Не обращая внимания на страх отца, он поднял руку кверху и проговорил слова, которые по последствиям оказались роковыми:
— Выбросьте миллионы ваши в пучину этой жизни, чтобы ваш дух понесся свободно и легко, как корабль на парусах бессмертия в бесконечном океане вселенной.
Глафира, до слуха которой донеслись последние слова, в волнении поднялась с места.
— Опасный идиот!
— Да, опасный, — согласился Илья Петрович, — но успокойся, сядь и будем слушать.

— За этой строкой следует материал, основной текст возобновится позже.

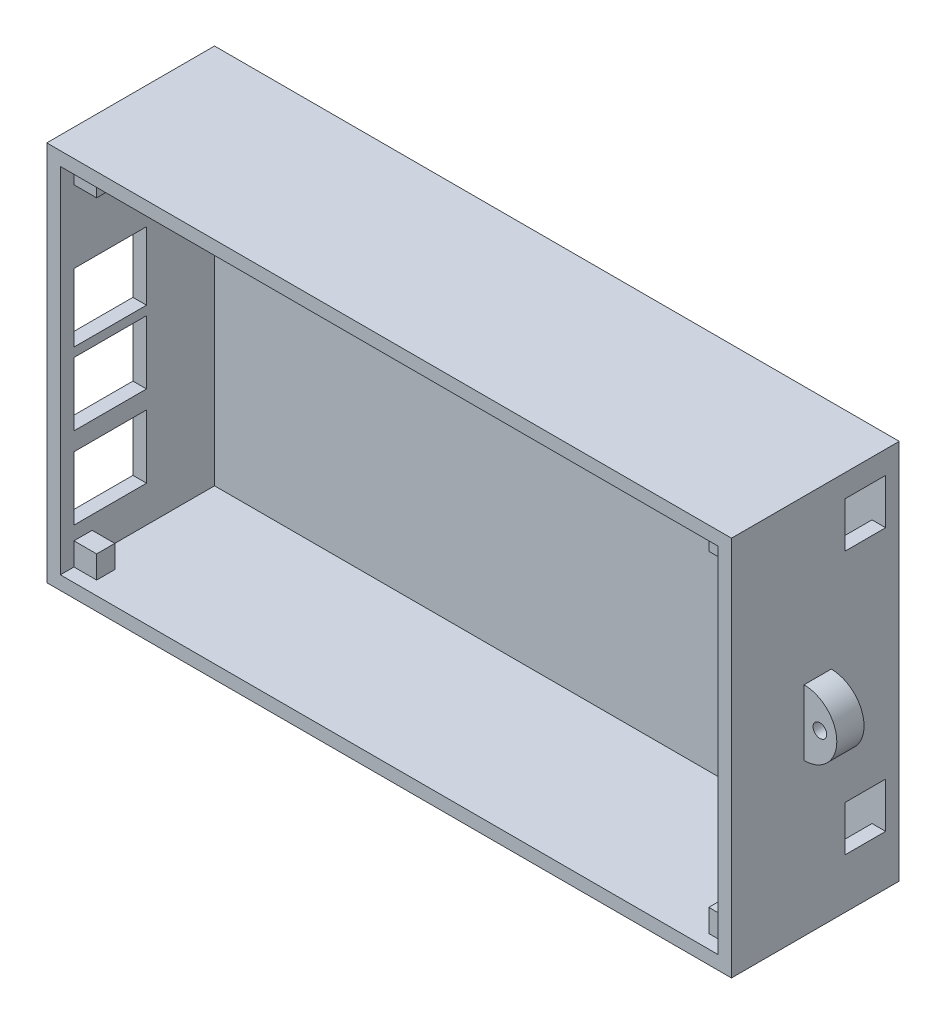
SolidWorks part; units mm, degrees
ref_plane "Front Plane" through (0, 0, 0) normal (0, 0, 1) x (1, 0, 0)
ref_plane "Top Plane" through (0, 0, 0) normal (0, 1, 0) x (1, 0, 0)
ref_plane "Right Plane" through (0, 0, 0) normal (1, 0, 0) x (0, 0, -1)
sketch "Sketch1" plane through (0, 0, 0) normal (0, 0, 1) x (1, 0, 0)
  line L1 (75.5, 42) -> (-75.5, 42)
  line L2 (75.5, 42) -> (75.5, -42)
  line L3 (75.5, -42) -> (-75.5, -42)
  line L4 (-75.5, 42) -> (-75.5, -42)
  line L5 (0, -42) -> (0, 42) construction
  line L6 (75.5, 0) -> (-75.5, 0) construction
  point P0 (0, 0)
extrude "Boss-Extrude1" add sketch "Sketch1" along normal blind 37
sketch "Sketch3" plane through (0, 0, 37) normal (0, 0, 1) x (1, 0, 0)
  line L1 (-72.5, 39) -> (72.5, 39)
  line L2 (-72.5, 39) -> (-72.5, -39)
  line L3 (-72.5, -39) -> (72.5, -39)
  line L4 (72.5, 39) -> (72.5, -39)
  line L5 (0, -39) -> (0, 39) construction
  line L6 (-72.5, 0) -> (72.5, 0) construction
  point P0 (0, 0)
extrude "Cut-Extrude3" cut sketch "Sketch3" against normal blind 34
sketch "Sketch8" plane through (-75.5, 0, 0) normal (-1, 0, 0) x (0, 0, 1)
  line L0 (37, 42) -> (37, -42) construction
  line L1 (18, -31) -> (37, -31)
  line L2 (18, -31) -> (18, -17)
  line L3 (18, -17) -> (37, -17)
  line L4 (37, -31) -> (37, -17)
  point P6 (0, 0)
  point P7 (0, 0)
  point P8 (0, 0)
  point P9 (0, 0)
  point P10 (0, 0)
  point P11 (0, 0)
extrude "Cut-Extrude4" cut sketch "Sketch8" against normal blind 3
sketch "Sketch9" plane through (-75.5, 0, 0) normal (-1, 0, 0) x (0, 0, 1)
  line L1 (18, 1) -> (37, 1)
  line L2 (18, 1) -> (18, -13)
  line L3 (18, -13) -> (37, -13)
  line L4 (37, 1) -> (37, -13)
  point P4 (0, 0)
  point P5 (0, 0)
  point P6 (0, 0)
  point P7 (0, 0)
  point P8 (0, 0)
  point P9 (0, 0)
  point P10 (0, 0)
  point P11 (0, 0)
  point P12 (0, 0)
  point P13 (0, 0)
  point P14 (0, 0)
extrude "Cut-Extrude5" cut sketch "Sketch9" against normal blind 3
sketch "Sketch11" plane through (75.5, 0, 0) normal (1, 0, 0) x (0, 0, -1)
  line L1 (-3, 37) -> (-12, 37)
  line L2 (-3, 37) -> (-3, 27)
  line L3 (-3, 27) -> (-12, 27)
  line L4 (-12, 37) -> (-12, 27)
extrude "Cut-Extrude6" cut sketch "Sketch11" against normal blind 3
sketch "Sketch12" plane through (75.5, 0, 0) normal (1, 0, 0) x (0, 0, -1)
  line L1 (-12, -21) -> (-3, -21)
  line L2 (-12, -21) -> (-12, -31)
  line L3 (-12, -31) -> (-3, -31)
  line L4 (-3, -21) -> (-3, -31)
extrude "Cut-Extrude7" cut sketch "Sketch12" against normal blind 3
ref_plane "Plane2" through (0, 0, 18) normal (0, 0, 1) x (1, 0, 0)
sketch "Sketch16" plane through (0, 0, 18) normal (0, 0, 1) x (1, 0, 0)
  line L0 (75.5, 6) -> (75.5, -8.4611)
  arc A0 (75.5, 6) -> (75.5, -8.4611) centre (75.5, -1.2306) cw
extrude "Boss-Extrude2" add sketch "Sketch16" along normal blind 3 and the other way blind 3
sketch "Sketch19" plane through (0, 0, 21) normal (0, 0, 1) x (1, 0, 0)
  circle A0 centre (79, -1) radius 1.5
extrude "Cut-Extrude8" cut sketch "Sketch19" against normal blind 6
sketch "Sketch20" plane through (-75.5, 0, 0) normal (-1, 0, 0) x (0, 0, 1)
  line L0 (18, -13) -> (37, -13) construction
  line L1 (37, 1) -> (34, 1)
  line L2 (37, 1) -> (37, -13)
  line L3 (37, -13) -> (34, -13)
  line L4 (34, 1) -> (34, -13)
extrude "Boss-Extrude3" add sketch "Sketch20" against normal blind 3
sketch "Sketch21" plane through (-75.5, 0, 0) normal (-1, 0, 0) x (0, 0, 1)
  line L0 (18, -31) -> (37, -31) construction
  line L1 (37, -17) -> (34, -17)
  line L2 (37, -17) -> (37, -31)
  line L3 (37, -31) -> (34, -31)
  line L4 (34, -17) -> (34, -31)
extrude "Boss-Extrude4" add sketch "Sketch21" against normal blind 3
sketch "Sketch23" plane through (-75.5, 0, 0) normal (-1, 0, 0) x (0, 0, 1)
  line L1 (18, 18) -> (34, 18)
  line L2 (18, 18) -> (18, 3)
  line L3 (18, 3) -> (34, 3)
  line L4 (34, 18) -> (34, 3)
  point P4 (0, 0)
  point P5 (0, 0)
  point P6 (0, 0)
  point P7 (0, 0)
  point P8 (0, 0)
  point P9 (0, 0)
  point P10 (0, 0)
  point P11 (0, 0)
  point P12 (0, 0)
  point P13 (0, 0)
  point P14 (0, 0)
  point P15 (0, 0)
  point P16 (0, 0)
  point P17 (0, 0)
extrude "Cut-Extrude9" cut sketch "Sketch23" against normal blind 3
sketch "Sketch28" plane through (72.5, 0, 0) normal (-1, 0, 0) x (0, 0, 1)
  line L0 (3, -39) -> (37, -39) construction
  line L1 (34, -39) -> (30, -39)
  line L2 (34, -39) -> (34, -34)
  line L3 (34, -34) -> (30, -34)
  line L4 (30, -39) -> (30, -34)
  point P6 (0, 0)
  point P7 (0, 0)
  point P8 (0, 0)
  point P9 (0, 0)
  point P10 (0, 0)
  point P11 (0, 0)
  point P12 (0, 0)
  point P13 (0, 0)
  point P14 (0, 0)
  point P15 (0, 0)
  point P16 (0, 0)
extrude "Boss-Extrude5" add sketch "Sketch28" along normal blind 5
mirror "Mirror1" about plane through (0, 0, 0) normal (0, 1, 0) of "Boss-Extrude5"
mirror "Mirror2" about plane through (0, 0, 0) normal (1, 0, 0) of "Boss-Extrude5", "Mirror1"

— Что ты, сын, шутишь или как? — говорил Колодников, пораженный предложением сына и, вспоминая о могуществе денег и ценой каких страшных усилий они доставались ему, невольно продолжал: — Миллионы — боги на земле — вот кто они, и бросить их, так все как раз и закричат: «С ума сошел фабрикант». Забудь, что болтал я про видение и помни, глупый, что золото мое — здесь оно, под моим сердцем, сосет его и в сердце впилась каждая монета.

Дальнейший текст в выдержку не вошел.